I admire Melanie Mitchell’s writing, particularly her 2019 book Artificial Intelligence: A Guide for Thinking Humans. She wears a centrist hat when thinking about the future of AI. I wear the hard hat of an engineer. I cultivated a habit of testing and breaking every tool at my disposal. This prepares me so that when tools fail: I’m not left vulnerable. Language and chatbots can indeed fail. More crucially, the channel connecting our minds to current AI is noisy—and that inserts a barrier. So I’ll end with an ingot of wisdom from Mitchell’s book:
“I wonder whether or when AI will ever crash the barrier of meaning.” In thinking about the future of AI, I keep coming back to this query posed by the mathematician and philosopher Gian-Carlo Rota. The phrase “barrier of meaning” perfectly captures an idea that has permeated this book: humans, in some deep and essential way, understand the situations they encounter, whereas no AI system yet possesses such understanding.
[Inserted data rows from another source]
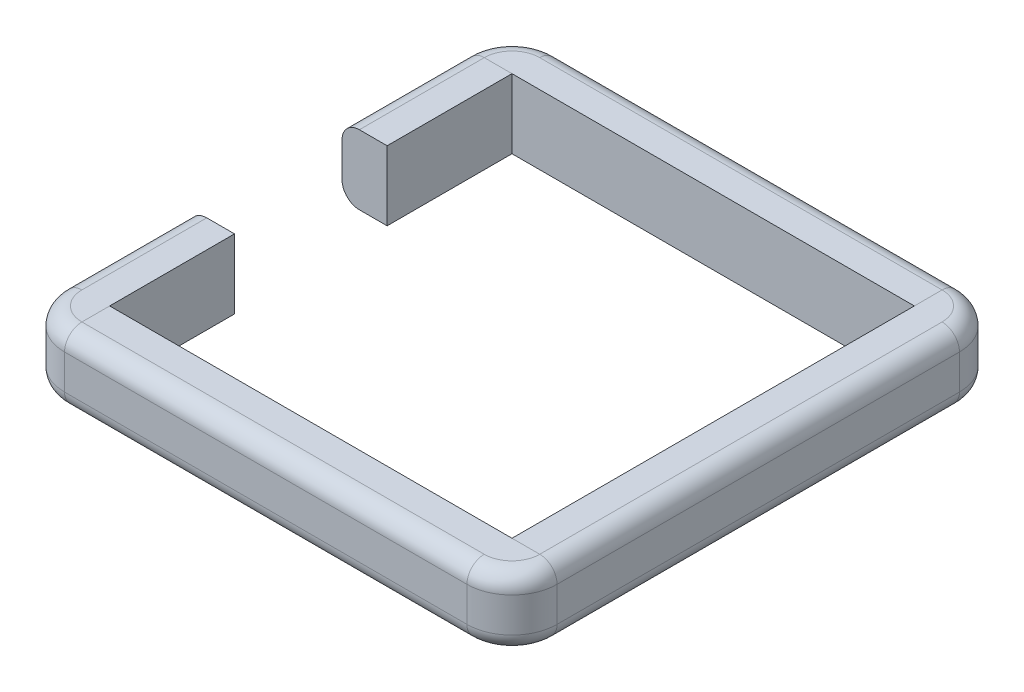
from build123d import *

# Parameters (mm, degrees)
BOSS_EXTRUDE1_DEPTH = 736.6
REVOLVE1_ANGLE      = 90
CIRPATTERN1_COUNT   = 4
SKETCH5_W           = 134.817252148
SKETCH5_H           = 279.4
CUT_EXTRUDE1_DEPTH  = 1202.644175771


with BuildPart() as part:
    # Sketch1 → Boss-Extrude1 (new body)
    with BuildSketch(Plane.XY):
        with BuildLine():
            ThreePointArc((0, 31.75), (-22.450640303, 22.450640303), (-31.75, 0))
            Line((-31.75, 0), (-31.75, -63.5))
            ThreePointArc((-31.75, -63.5), (-22.450640303, -85.950640303), (0, -95.25))
            Line((0, -95.25), (50.8, -95.25))
            Line((50.8, -95.25), (50.8, 31.75))
            Line((50.8, 31.75), (0, 31.75))
        make_face()
    extrude(amount=BOSS_EXTRUDE1_DEPTH)

    # Sketch2 → Revolve1 (revolve)
    with BuildSketch(Plane.XY.offset(736.6)):
        with BuildLine():
            Line((-31.75, 0), (-31.75, -63.5))
            ThreePointArc((-31.75, -63.5), (-22.450640303, -85.950640303), (0, -95.25))
            Line((0, -95.25), (50.8, -95.25))
            Line((50.8, -95.25), (50.8, 31.75))
            Line((50.8, 31.75), (0, 31.75))
            ThreePointArc((0, 31.75), (-22.450640303, 22.450640303), (-31.75, 0))
        make_face()
    revolve(axis=Axis((50.8, -95.25, 736.6), (0, 1, 0)), revolution_arc=REVOLVE1_ANGLE)


with BuildPart() as cirpattern1_1:
    # CirPattern1: pattern copy
    add(part.part.rotate(Axis((419.1, -95.25, 368.3), (0, 1, 0)), 1 * 360 / CIRPATTERN1_COUNT))


with BuildPart() as cirpattern1_2:
    # CirPattern1: pattern copy
    add(part.part.rotate(Axis((419.1, -95.25, 368.3), (0, 1, 0)), 2 * 360 / CIRPATTERN1_COUNT))


with BuildPart() as cirpattern1_3:
    # CirPattern1: pattern copy
    add(part.part.rotate(Axis((419.1, -95.25, 368.3), (0, 1, 0)), 3 * 360 / CIRPATTERN1_COUNT))


with BuildPart() as part_1:
    add(part.part)

    # Sketch5 → Cut-Extrude1 (cut, through all)
    with BuildSketch(Plane(origin=(0, 31.75, 0), x_dir=(1, 0, 0), z_dir=(0, 1, 0))):
        with Locations((-16.608626074, -368.3)):
            Rectangle(SKETCH5_W, SKETCH5_H)
    extrude(amount=-CUT_EXTRUDE1_DEPTH, mode=Mode.SUBTRACT)


with BuildPart() as cut_extrude1_piece_1:
    # of the separate pieces the step leaves, piece 1, a body of its own (cut_extrude1_pieces)
    add(part_1.part.solids().sort_by_distance((-31.75, 0, 508))[0])


with BuildPart() as cut_extrude1_piece_2:
    # of the separate pieces the step leaves, piece 2, a body of its own (cut_extrude1_pieces)
    add(part_1.part.solids().sort_by_distance((0, 31.75, 0))[0])


solid = Compound([cirpattern1_1.part, cirpattern1_2.part, cirpattern1_3.part, cut_extrude1_piece_1.part, cut_extrude1_piece_2.part])
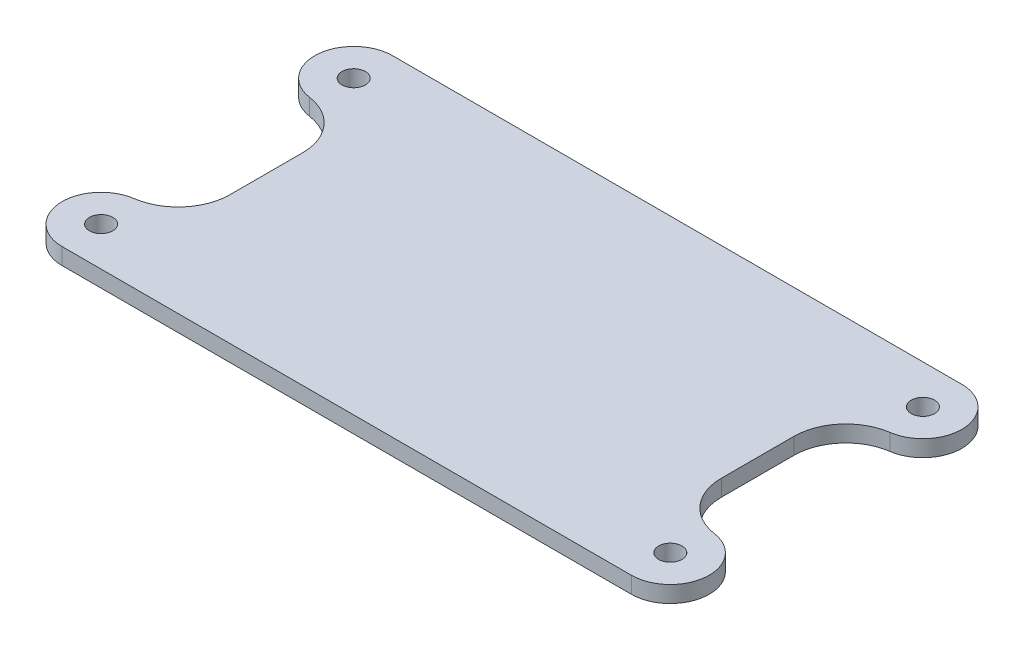
from build123d import *

# Parameters (mm, degrees)
SKETCH1_R           = 2.2479
BOSS_EXTRUDE1_DEPTH = 1.5875


with BuildPart() as part:
    # Sketch1 → Boss-Extrude1 (new, symmetric)
    with BuildSketch(Plane(origin=(0, 0, 0), x_dir=(1, 0, 0), z_dir=(0, 1, 0))):
        with BuildLine():
            Line((-47.25, 6.976491924), (-47.25, -6.976491924))
            ThreePointArc((-47.25, -6.976491924), (-49.69071054, -13.523028631), (-55.821428571, -16.87392511))
            ThreePointArc((-55.821428571, -16.87392511), (-60.419467095, -19.38709747), (-62.25, -24.297))
            ThreePointArc((-62.25, -24.297), (-60.053300859, -29.600300859), (-54.75, -31.797))
            Line((-54.75, -31.797), (54.75, -31.797))
            ThreePointArc((54.75, -31.797), (60.053300859, -29.600300859), (62.25, -24.297))
            ThreePointArc((62.25, -24.297), (60.419467095, -19.38709747), (55.821428571, -16.87392511))
            ThreePointArc((55.821428571, -16.87392511), (49.69071054, -13.523028631), (47.25, -6.976491924))
            Line((47.25, -6.976491924), (47.25, 6.976491924))
            ThreePointArc((47.25, 6.976491924), (49.69071054, 13.523028631), (55.821428571, 16.87392511))
            ThreePointArc((55.821428571, 16.87392511), (60.419467095, 19.38709747), (62.25, 24.297))
            ThreePointArc((62.25, 24.297), (60.053300859, 29.600300859), (54.75, 31.797))
            Line((54.75, 31.797), (-54.75, 31.797))
            ThreePointArc((-54.75, 31.797), (-60.053300859, 29.600300859), (-62.25, 24.297))
            ThreePointArc((-62.25, 24.297), (-60.419467095, 19.38709747), (-55.821428571, 16.87392511))
            ThreePointArc((-55.821428571, 16.87392511), (-49.69071054, 13.523028631), (-47.25, 6.976491924))
        make_face()
        with Locations(Location((54.75, 24.297, 0), (0, 0, 270))):
            Circle(SKETCH1_R, mode=Mode.SUBTRACT)
        with Locations(Location((54.75, -24.297, 0), (0, 0, 270))):
            Circle(SKETCH1_R, mode=Mode.SUBTRACT)
        with Locations(Location((-54.75, -24.297, 0), (0, 0, 270))):
            Circle(SKETCH1_R, mode=Mode.SUBTRACT)
        with Locations(Location((-54.75, 24.297, 0), (0, 0, 270))):
            Circle(SKETCH1_R, mode=Mode.SUBTRACT)
    extrude(amount=BOSS_EXTRUDE1_DEPTH, both=True)


solid = part.part
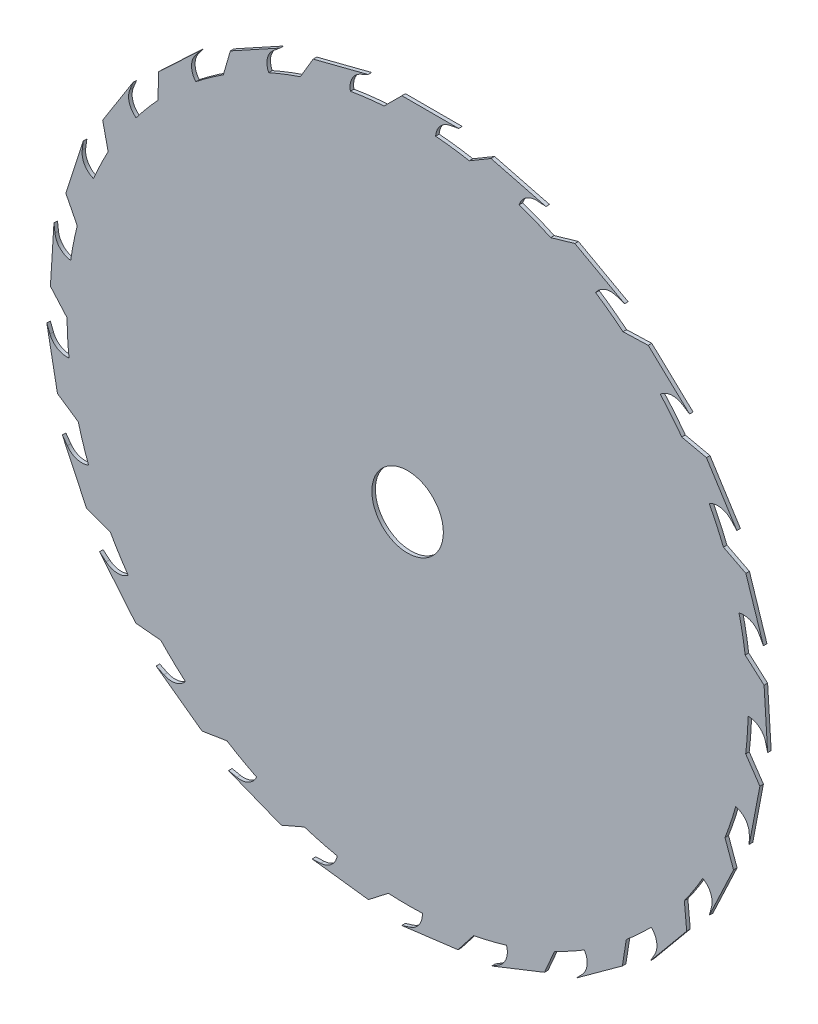
from build123d import *

# Parameters (mm, degrees)
SKETCH1_R           = 152.4
BOSS_EXTRUDE1_DEPTH = 1.5875
CUT_EXTRUDE1_REACH  = 217.532
SKETCH2_R           = 16.002
BOSS_EXTRUDE2_DEPTH = 1.5875
CIRPATTERN1_COUNT   = 25


with BuildPart() as part:
    # Sketch1 → Boss-Extrude1 (new body)
    with BuildSketch(Plane.XY):
        Circle(SKETCH1_R)
    extrude(amount=BOSS_EXTRUDE1_DEPTH)

    # Sketch2 → Cut-Extrude1 (cut, up to next)
    with BuildSketch(Plane.XY.offset(1.5875), mode=Mode.PRIVATE) as cut_extrude1_sk1:
        Circle(SKETCH2_R)
    cut_extrude1_tool1 = extrude(cut_extrude1_sk1.sketch, amount=-CUT_EXTRUDE1_REACH, mode=Mode.PRIVATE) & part.part
    add(cut_extrude1_tool1.solids().sort_by_distance((0, 0, 1.5875))[0], mode=Mode.SUBTRACT)

    # Sketch4 → Boss-Extrude2 (add)
    with BuildSketch(Plane.XY.offset(1.5875)):
        with BuildLine():
            Line((-12.7, 149.86), (-2.54, 160.02))
            Line((-2.54, 160.02), (22.86, 160.02))
            Line((22.86, 160.02), (19.112917361, 159.330455445))
            ThreePointArc((19.112917361, 159.330455445), (13.922314054, 155.938790933), (12.7, 149.86))
            Line((12.7, 149.86), (-12.7, 149.86))
        make_face()
    boss_extrude2 = extrude(amount=-BOSS_EXTRUDE2_DEPTH)

    # CirPattern1: Boss-Extrude2 ×25 about axis
    cirpattern1_axis = Axis((0, 0, 0), (0, 0, 1))
    for i in range(1, CIRPATTERN1_COUNT):
        add(boss_extrude2.rotate(cirpattern1_axis, i * 360 / CIRPATTERN1_COUNT))


solid = part.part

While state-of-the-art AI systems have nearly equaled (and in some cases surpassed) humans on certain narrowly defined tasks, these systems all lack a grasp of the rich meanings humans bring to bear in perception, language, and reasoning. This lack of understanding is clearly revealed by the un-humanlike errors these systems can make; by their difficulties with abstracting and transferring what they have learned; by their lack of commonsense knowledge; and by their vulnerability to adversarial attacks. The barrier of meaning between AI and human-level intelligence still stands today.